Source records
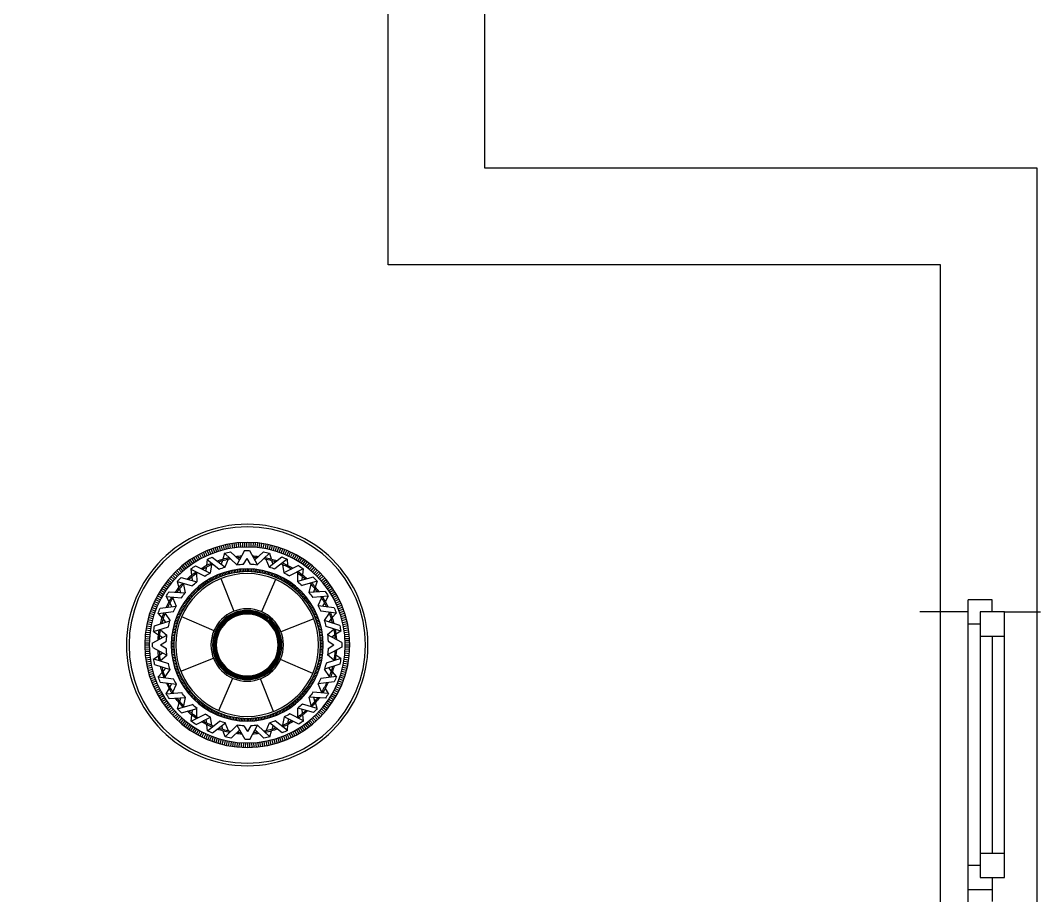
# Model space of a CAD drawing. Header units: millimetres. Extents: x -17017 to 2697, y 1903 to 18260.
# Drawn here: x -17001.9842 to -17001.5617, y 18222.1856 to 18222.5481 of the extents above; entities that cross this region are included whole.
import ezdxf

# ---------------------------------------------------------------- set-up
doc = ezdxf.new("R2010")
doc.units = ezdxf.units.MM
for name, color, linetype in [('1', 7, 'Continuous'), ('furn', 7, 'Continuous'), ('PENCERE', 3, 'Continuous'), ('sıva', 181, 'Continuous')]:
    doc.layers.add(name, color=color, linetype=linetype)

# ---------------------------------------------------------------- blocks, each defined once
blk = doc.blocks.new('TABLE5')
at = {"layer": 'furn'}
for p, q in [((-0.017, 0.2022), (-0.0178, 0.2116)), ((-0.0127, 0.2025), (-0.0133, 0.2119)), ((-0.0085, 0.2027), (-0.0089, 0.2121)), ((-0.0042, 0.2029), (-0.0044, 0.2123)), ((0, 0.2029), (0, 0.2123)), ((0.0042, 0.2029), (0.0044, 0.2123)), ((0.0085, 0.2027), (0.0089, 0.2121)), ((0.0127, 0.2025), (0.0133, 0.2119)), ((0.017, 0.2022), (0.0178, 0.2116)), ((-0.0902, 0.1818), (-0.0944, 0.1902)), ((-0.0864, 0.1836), (-0.0904, 0.1921)), ((-0.0825, 0.1854), (-0.0864, 0.194)), ((-0.0786, 0.1871), (-0.0823, 0.1957)), ((-0.0747, 0.1887), (-0.0782, 0.1974)), ((-0.0707, 0.1902), (-0.074, 0.199)), ((-0.0667, 0.1916), (-0.0698, 0.2005)), ((-0.0627, 0.193), (-0.0656, 0.2019)), ((-0.0587, 0.1943), (-0.0614, 0.2033)), ((-0.0546, 0.1955), (-0.0571, 0.2045)), ((-0.0505, 0.1966), (-0.0528, 0.2057)), ((-0.0398, 0.1917), (-0.0505, 0.1598)), ((-0.0463, 0.1976), (-0.0485, 0.2067)), ((-0.0422, 0.1985), (-0.0441, 0.2077)), ((-0.038, 0.1993), (-0.0398, 0.2086)), ((-0.0283, 0.1937), (-0.0382, 0.1632)), ((-0.0338, 0.2001), (-0.0354, 0.2094)), ((-0.0296, 0.2007), (-0.031, 0.2101)), ((-0.0283, 0.1937), (-0.0217, 0.1837)), ((-0.0254, 0.2013), (-0.0266, 0.2107)), ((-0.0212, 0.2018), (-0.0222, 0.2112)), ((-0.0049, 0.1957), (-0.021, 0.1663)), ((-0.0049, 0.1957), (-0.021, 0.1663)), ((0.0049, 0.1957), (0.021, 0.1663)), ((0.0049, 0.1957), (0.021, 0.1663)), ((0.0212, 0.2018), (0.0222, 0.2112)), ((0.0283, 0.1937), (0.0217, 0.1837)), ((0.0254, 0.2013), (0.0266, 0.2107)), ((0.0283, 0.1937), (0.0382, 0.1632)), ((0.0296, 0.2007), (0.031, 0.2101)), ((0.0338, 0.2001), (0.0354, 0.2094)), ((0.038, 0.1993), (0.0398, 0.2086)), ((0.0398, 0.1917), (0.0505, 0.1598)), ((0.0422, 0.1985), (0.0441, 0.2077)), ((0.0463, 0.1976), (0.0485, 0.2067)), ((0.0505, 0.1966), (0.0528, 0.2057)), ((0.0546, 0.1955), (0.0571, 0.2045)), ((0.0587, 0.1943), (0.0614, 0.2033)), ((0.0627, 0.193), (0.0656, 0.2019)), ((0.0667, 0.1916), (0.0698, 0.2005)), ((0.0707, 0.1902), (0.074, 0.199)), ((0.0747, 0.1887), (0.0782, 0.1974)), ((0.0786, 0.1871), (0.0823, 0.1957)), ((0.0825, 0.1854), (0.0864, 0.194)), ((0.0864, 0.1836), (0.0904, 0.1921)), ((0.0902, 0.1818), (0.0944, 0.1902)), ((-0.1227, 0.1616), (-0.1284, 0.1691)), ((-0.1193, 0.1642), (-0.1248, 0.1718)), ((-0.1158, 0.1666), (-0.1212, 0.1744)), ((-0.1123, 0.169), (-0.1175, 0.1769)), ((-0.1087, 0.1713), (-0.1138, 0.1793)), ((-0.1051, 0.1736), (-0.11, 0.1816)), ((-0.1015, 0.1757), (-0.1062, 0.1839)), ((-0.0978, 0.1778), (-0.1023, 0.1861)), ((-0.094, 0.1798), (-0.0984, 0.1882)), ((-0.0767, 0.1801), (-0.0809, 0.1468)), ((-0.0658, 0.1844), (-0.0695, 0.1525)), ((-0.0658, 0.1844), (-0.0562, 0.1762)), ((-0.0653, 0.17), (-0.0505, 0.1597)), ((-0.0536, 0.174), (-0.0475, 0.1688)), ((-0.0315, 0.1794), (-0.021, 0.1663)), ((-0.0199, 0.181), (-0.0161, 0.1752)), ((-0.0073, 0.1674), (0, 0.1792)), ((-0.0073, 0.1674), (0, 0.1792)), ((0.0073, 0.1674), (0, 0.1792)), ((0.0073, 0.1674), (0, 0.1792)), ((0.0199, 0.181), (0.0161, 0.1752)), ((0.0315, 0.1794), (0.021, 0.1663)), ((0.0536, 0.174), (0.0475, 0.1688)), ((0.0653, 0.17), (0.0505, 0.1597)), ((0.0658, 0.1844), (0.0562, 0.1762)), ((0.0658, 0.1844), (0.0695, 0.1525)), ((0.0767, 0.1801), (0.0809, 0.1468)), ((0.094, 0.1798), (0.0984, 0.1882)), ((0.0978, 0.1778), (0.1023, 0.1861)), ((0.1015, 0.1757), (0.1062, 0.1839)), ((0.1051, 0.1736), (0.11, 0.1816)), ((0.1087, 0.1713), (0.1138, 0.1793)), ((0.1123, 0.169), (0.1175, 0.1769)), ((0.1158, 0.1666), (0.1212, 0.1744)), ((0.1193, 0.1642), (0.1248, 0.1718)), ((0.1227, 0.1616), (0.1284, 0.1691)), ((-0.145, 0.142), (-0.1517, 0.1486)), ((-0.142, 0.145), (-0.1486, 0.1517)), ((-0.1389, 0.1479), (-0.1453, 0.1548)), ((-0.1358, 0.1508), (-0.1421, 0.1578)), ((-0.1326, 0.1536), (-0.1387, 0.1607)), ((-0.1293, 0.1564), (-0.1353, 0.1636)), ((-0.126, 0.159), (-0.1319, 0.1664)), ((-0.1106, 0.1615), (-0.1082, 0.128)), ((-0.1007, 0.1679), (-0.0902, 0.162)), ((-0.1007, 0.1679), (-0.0981, 0.1359)), ((-0.0974, 0.1539), (-0.0809, 0.1467)), ((-0.0868, 0.1601), (-0.0797, 0.1562)), ((-0.0499, 0.1434), (-0.0518, 0.1487)), ((-0.0469, 0.1444), (-0.0487, 0.1497)), ((-0.0439, 0.1454), (-0.0455, 0.1507)), ((-0.0408, 0.1463), (-0.0423, 0.1517)), ((-0.0378, 0.1471), (-0.0392, 0.1525)), ((-0.0347, 0.1479), (-0.036, 0.1533)), ((-0.0316, 0.1485), (-0.0327, 0.154)), ((-0.0285, 0.1492), (-0.0295, 0.1547)), ((-0.0253, 0.1497), (-0.0263, 0.1552)), ((-0.0222, 0.1502), (-0.023, 0.1558)), ((-0.019, 0.1507), (-0.0197, 0.1562)), ((-0.0159, 0.151), (-0.0165, 0.1566)), ((-0.0127, 0.1513), (-0.0132, 0.1569)), ((-0.0095, 0.1516), (-0.0099, 0.1571)), ((-0.0064, 0.1517), (-0.0066, 0.1573)), ((-0.0032, 0.1518), (-0.0033, 0.1574)), ((0, 0.1519), (0, 0.1575)), ((0.0032, 0.1518), (0.0033, 0.1574)), ((0.0064, 0.1517), (0.0066, 0.1573)), ((0.0095, 0.1516), (0.0099, 0.1571)), ((0.0127, 0.1513), (0.0132, 0.1569)), ((0.0159, 0.151), (0.0165, 0.1566)), ((0.019, 0.1507), (0.0197, 0.1562)), ((0.0222, 0.1502), (0.023, 0.1558)), ((0.0253, 0.1497), (0.0263, 0.1552)), ((0.0285, 0.1492), (0.0295, 0.1547)), ((0.0316, 0.1485), (0.0327, 0.154)), ((0.0347, 0.1479), (0.036, 0.1533)), ((0.0378, 0.1471), (0.0392, 0.1525)), ((0.0408, 0.1463), (0.0423, 0.1517)), ((0.0439, 0.1454), (0.0455, 0.1507)), ((0.0469, 0.1444), (0.0487, 0.1497)), ((0.0499, 0.1434), (0.0518, 0.1487)), ((0.0868, 0.1601), (0.0797, 0.1562)), ((0.0974, 0.1539), (0.0809, 0.1467)), ((0.1007, 0.1679), (0.0902, 0.162)), ((0.1007, 0.1679), (0.0981, 0.1359)), ((0.1106, 0.1615), (0.1082, 0.128)), ((0.126, 0.159), (0.1319, 0.1664)), ((0.1293, 0.1564), (0.1353, 0.1636)), ((0.1326, 0.1536), (0.1387, 0.1607)), ((0.1358, 0.1508), (0.1421, 0.1578)), ((0.1389, 0.1479), (0.1453, 0.1548)), ((0.142, 0.145), (0.1486, 0.1517)), ((0.145, 0.142), (0.1517, 0.1486)), ((-0.1616, 0.1227), (-0.1691, 0.1284)), ((-0.159, 0.126), (-0.1664, 0.1319)), ((-0.1564, 0.1293), (-0.1636, 0.1353)), ((-0.1536, 0.1326), (-0.1607, 0.1387)), ((-0.1508, 0.1358), (-0.1578, 0.1421)), ((-0.1479, 0.1389), (-0.1548, 0.1453)), ((-0.1402, 0.1366), (-0.1312, 0.1042)), ((-0.1318, 0.1448), (-0.1197, 0.141)), ((-0.1318, 0.1448), (-0.1229, 0.1139)), ((-0.1257, 0.1318), (-0.1082, 0.128)), ((-0.1165, 0.14), (-0.1089, 0.1376)), ((-0.0893, 0.1229), (-0.0925, 0.1274)), ((-0.0867, 0.1247), (-0.0899, 0.1293)), ((-0.084, 0.1265), (-0.0871, 0.1311)), ((-0.0814, 0.1282), (-0.0844, 0.1329)), ((-0.0787, 0.1299), (-0.0816, 0.1347)), ((-0.0759, 0.1315), (-0.0787, 0.1364)), ((-0.0732, 0.1331), (-0.0759, 0.138)), ((-0.0704, 0.1346), (-0.0729, 0.1395)), ((-0.0675, 0.136), (-0.07, 0.141)), ((-0.0647, 0.1374), (-0.067, 0.1425)), ((-0.0618, 0.1387), (-0.064, 0.1438)), ((-0.0588, 0.14), (-0.061, 0.1451)), ((-0.0591, 0.1356), (-0.03, 0.0687)), ((-0.0559, 0.1412), (-0.058, 0.1464)), ((-0.0529, 0.1423), (-0.0549, 0.1476)), ((0.0541, 0.1377), (0.0274, 0.0698)), ((0.0529, 0.1423), (0.0549, 0.1476)), ((0.0559, 0.1412), (0.058, 0.1464)), ((0.0588, 0.14), (0.061, 0.1451)), ((0.0618, 0.1387), (0.064, 0.1438)), ((0.0647, 0.1374), (0.067, 0.1425)), ((0.0675, 0.136), (0.07, 0.141)), ((0.0704, 0.1346), (0.0729, 0.1395)), ((0.0732, 0.1331), (0.0759, 0.138)), ((0.0759, 0.1315), (0.0787, 0.1364)), ((0.0787, 0.1299), (0.0816, 0.1347)), ((0.0814, 0.1282), (0.0844, 0.1329)), ((0.084, 0.1265), (0.0871, 0.1311)), ((0.0867, 0.1247), (0.0899, 0.1293)), ((0.0893, 0.1229), (0.0925, 0.1274)), ((0.1257, 0.1318), (0.1082, 0.128)), ((0.1165, 0.14), (0.1089, 0.1376)), ((0.1318, 0.1448), (0.1197, 0.141)), ((0.1318, 0.1448), (0.1229, 0.1139)), ((0.1402, 0.1366), (0.1312, 0.1042)), ((0.1479, 0.1389), (0.1548, 0.1453)), ((0.1508, 0.1358), (0.1578, 0.1421)), ((0.1536, 0.1326), (0.1607, 0.1387)), ((0.1564, 0.1293), (0.1636, 0.1353)), ((0.159, 0.126), (0.1664, 0.1319)), ((0.1616, 0.1227), (0.1691, 0.1284)), ((-0.1757, 0.1015), (-0.1839, 0.1062)), ((-0.1736, 0.1051), (-0.1816, 0.11)), ((-0.1713, 0.1087), (-0.1793, 0.1138)), ((-0.169, 0.1123), (-0.1769, 0.1175)), ((-0.1666, 0.1158), (-0.1744, 0.1212)), ((-0.1642, 0.1193), (-0.1718, 0.1248)), ((-0.1643, 0.1064), (-0.1492, 0.0764)), ((-0.1576, 0.1161), (-0.145, 0.1147)), ((-0.1576, 0.1161), (-0.1429, 0.0876)), ((-0.1417, 0.1144), (-0.1338, 0.1136)), ((-0.1107, 0.104), (-0.1148, 0.1078)), ((-0.1085, 0.1063), (-0.1125, 0.1102)), ((-0.1063, 0.1085), (-0.1102, 0.1125)), ((-0.104, 0.1107), (-0.1078, 0.1148)), ((-0.1016, 0.1129), (-0.1054, 0.117)), ((-0.0992, 0.115), (-0.1029, 0.1192)), ((-0.0968, 0.117), (-0.1004, 0.1213)), ((-0.0943, 0.119), (-0.0978, 0.1234)), ((-0.0918, 0.121), (-0.0952, 0.1254)), ((0.0918, 0.121), (0.0952, 0.1254)), ((0.0943, 0.119), (0.0978, 0.1234)), ((0.0968, 0.117), (0.1004, 0.1213)), ((0.0992, 0.115), (0.1029, 0.1192)), ((0.1016, 0.1129), (0.1054, 0.117)), ((0.104, 0.1107), (0.1078, 0.1148)), ((0.1063, 0.1085), (0.1102, 0.1125)), ((0.1085, 0.1063), (0.1125, 0.1102)), ((0.1107, 0.104), (0.1148, 0.1078)), ((0.1417, 0.1144), (0.1338, 0.1136)), ((0.1576, 0.1161), (0.1429, 0.0876)), ((0.1576, 0.1161), (0.145, 0.1147)), ((0.1643, 0.1064), (0.1492, 0.0764)), ((0.1642, 0.1193), (0.1718, 0.1248)), ((0.1666, 0.1158), (0.1744, 0.1212)), ((0.169, 0.1123), (0.1769, 0.1175)), ((0.1713, 0.1087), (0.1793, 0.1138)), ((0.1736, 0.1051), (0.1816, 0.11)), ((0.1757, 0.1015), (0.1839, 0.1062)), ((-0.1854, 0.0825), (-0.194, 0.0864)), ((-0.1836, 0.0864), (-0.1921, 0.0904)), ((-0.1818, 0.0902), (-0.1902, 0.0944)), ((-0.1798, 0.094), (-0.1882, 0.0984)), ((-0.1778, 0.0978), (-0.1861, 0.1023)), ((-0.1614, 0.0843), (-0.1535, 0.0851)), ((-0.1491, 0.1045), (-0.1312, 0.1043)), ((-0.1265, 0.084), (-0.1311, 0.0871)), ((-0.1247, 0.0867), (-0.1293, 0.0899)), ((-0.1229, 0.0893), (-0.1274, 0.0925)), ((-0.121, 0.0918), (-0.1254, 0.0952)), ((-0.119, 0.0943), (-0.1234, 0.0978)), ((-0.117, 0.0968), (-0.1213, 0.1004)), ((-0.115, 0.0992), (-0.1192, 0.1029)), ((-0.1129, 0.1016), (-0.117, 0.1054)), ((0.1129, 0.1016), (0.117, 0.1054)), ((0.115, 0.0992), (0.1192, 0.1029)), ((0.117, 0.0968), (0.1213, 0.1004)), ((0.119, 0.0943), (0.1234, 0.0978)), ((0.121, 0.0918), (0.1254, 0.0952)), ((0.1229, 0.0893), (0.1274, 0.0925)), ((0.1247, 0.0867), (0.1293, 0.0899)), ((0.1265, 0.084), (0.1311, 0.0871)), ((0.1491, 0.1045), (0.1312, 0.1043)), ((0.1614, 0.0843), (0.1535, 0.0851)), ((0.1778, 0.0978), (0.1861, 0.1023)), ((0.1798, 0.094), (0.1882, 0.0984)), ((0.1818, 0.0902), (0.1902, 0.0944)), ((0.1836, 0.0864), (0.1921, 0.0904)), ((0.1854, 0.0825), (0.194, 0.0864)), ((-0.193, 0.0627), (-0.2019, 0.0656)), ((-0.1916, 0.0667), (-0.2005, 0.0698)), ((-0.1902, 0.0707), (-0.199, 0.074)), ((-0.1887, 0.0747), (-0.1974, 0.0782)), ((-0.1871, 0.0786), (-0.1957, 0.0823)), ((-0.182, 0.0721), (-0.1613, 0.0456)), ((-0.1774, 0.0828), (-0.1648, 0.084)), ((-0.1774, 0.0828), (-0.1573, 0.0578)), ((-0.1662, 0.0733), (-0.1492, 0.0765)), ((-0.1387, 0.0618), (-0.1438, 0.064)), ((-0.1374, 0.0647), (-0.1425, 0.067)), ((-0.136, 0.0675), (-0.141, 0.07)), ((-0.1346, 0.0704), (-0.1395, 0.0729)), ((-0.1331, 0.0732), (-0.138, 0.0759)), ((-0.1315, 0.0759), (-0.1364, 0.0787)), ((-0.1299, 0.0787), (-0.1347, 0.0816)), ((-0.1282, 0.0814), (-0.1329, 0.0844)), ((-0.0299, 0.0587), (-0.0325, 0.0639)), ((-0.028, 0.0596), (-0.0305, 0.0649)), ((-0.0262, 0.0604), (-0.0285, 0.0658)), ((-0.0242, 0.0612), (-0.0264, 0.0666)), ((-0.0223, 0.062), (-0.0243, 0.0674)), ((-0.0203, 0.0626), (-0.0221, 0.0682)), ((-0.0184, 0.0632), (-0.02, 0.0688)), ((-0.0164, 0.0638), (-0.0178, 0.0694)), ((-0.0144, 0.0643), (-0.0156, 0.0699)), ((-0.0123, 0.0647), (-0.0134, 0.0704)), ((-0.0103, 0.065), (-0.0112, 0.0708)), ((-0.0083, 0.0653), (-0.009, 0.0711)), ((-0.0062, 0.0656), (-0.0067, 0.0714)), ((-0.0041, 0.0657), (-0.0045, 0.0715)), ((-0.0021, 0.0658), (-0.0023, 0.0716)), ((0, 0.0658), (0, 0.0717)), ((0.0021, 0.0658), (0.0023, 0.0716)), ((0.0041, 0.0657), (0.0045, 0.0715)), ((0.0062, 0.0656), (0.0067, 0.0714)), ((0.0083, 0.0653), (0.009, 0.0711)), ((0.0103, 0.065), (0.0112, 0.0708)), ((0.0123, 0.0647), (0.0134, 0.0704)), ((0.0144, 0.0643), (0.0156, 0.0699)), ((0.0164, 0.0638), (0.0178, 0.0694)), ((0.0184, 0.0632), (0.02, 0.0688)), ((0.0203, 0.0626), (0.0221, 0.0682)), ((0.0223, 0.062), (0.0243, 0.0674)), ((0.0242, 0.0612), (0.0264, 0.0666)), ((0.0262, 0.0604), (0.0285, 0.0658)), ((0.028, 0.0596), (0.0305, 0.0649)), ((0.0299, 0.0587), (0.0325, 0.0639)), ((0.1282, 0.0814), (0.1329, 0.0844)), ((0.1299, 0.0787), (0.1347, 0.0816)), ((0.1315, 0.0759), (0.1364, 0.0787)), ((0.1331, 0.0732), (0.138, 0.0759)), ((0.1346, 0.0704), (0.1395, 0.0729)), ((0.136, 0.0675), (0.141, 0.07)), ((0.1374, 0.0647), (0.1425, 0.067)), ((0.1387, 0.0618), (0.1438, 0.064)), ((0.1662, 0.0733), (0.1492, 0.0765)), ((0.1774, 0.0828), (0.1573, 0.0578)), ((0.182, 0.0721), (0.1613, 0.0456)), ((0.1774, 0.0828), (0.1648, 0.084)), ((0.1871, 0.0786), (0.1957, 0.0823)), ((0.1887, 0.0747), (0.1974, 0.0782)), ((0.1902, 0.0707), (0.199, 0.074)), ((0.1916, 0.0667), (0.2005, 0.0698)), ((0.193, 0.0627), (0.2019, 0.0656)), ((-0.1985, 0.0422), (-0.2077, 0.0441)), ((-0.1976, 0.0463), (-0.2067, 0.0485)), ((-0.1966, 0.0505), (-0.2057, 0.0528)), ((-0.1955, 0.0546), (-0.2045, 0.0571)), ((-0.1943, 0.0587), (-0.2033, 0.0614)), ((-0.1902, 0.0464), (-0.1781, 0.05)), ((-0.1902, 0.0464), (-0.1661, 0.0211)), ((-0.1779, 0.039), (-0.1613, 0.0457)), ((-0.1748, 0.051), (-0.1672, 0.0532)), ((-0.1463, 0.0408), (-0.1517, 0.0423)), ((-0.1454, 0.0439), (-0.1507, 0.0455)), ((-0.1444, 0.0469), (-0.1497, 0.0487)), ((-0.1434, 0.0499), (-0.1487, 0.0518)), ((-0.1423, 0.0529), (-0.1476, 0.0549)), ((-0.1412, 0.0559), (-0.1464, 0.058)), ((-0.14, 0.0588), (-0.1451, 0.061)), ((-0.1377, 0.0541), (-0.0698, 0.0274)), ((-0.052, 0.0404), (-0.0566, 0.0439)), ((-0.0507, 0.042), (-0.0552, 0.0457)), ((-0.0494, 0.0435), (-0.0538, 0.0474)), ((-0.048, 0.0451), (-0.0522, 0.0491)), ((-0.0466, 0.0466), (-0.0507, 0.0507)), ((-0.0451, 0.048), (-0.0491, 0.0522)), ((-0.0435, 0.0494), (-0.0474, 0.0538)), ((-0.042, 0.0507), (-0.0457, 0.0552)), ((-0.0404, 0.052), (-0.0439, 0.0566)), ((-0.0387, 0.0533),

◆ Assignment:
Pull every line that holds the string "units" out of the records.

◆ Answer to the problem:
# Model space of a CAD drawing. Header units: millimetres. Extents: x -17017 to 2697, y 1903 to 18260.
doc.units = ezdxf.units.MM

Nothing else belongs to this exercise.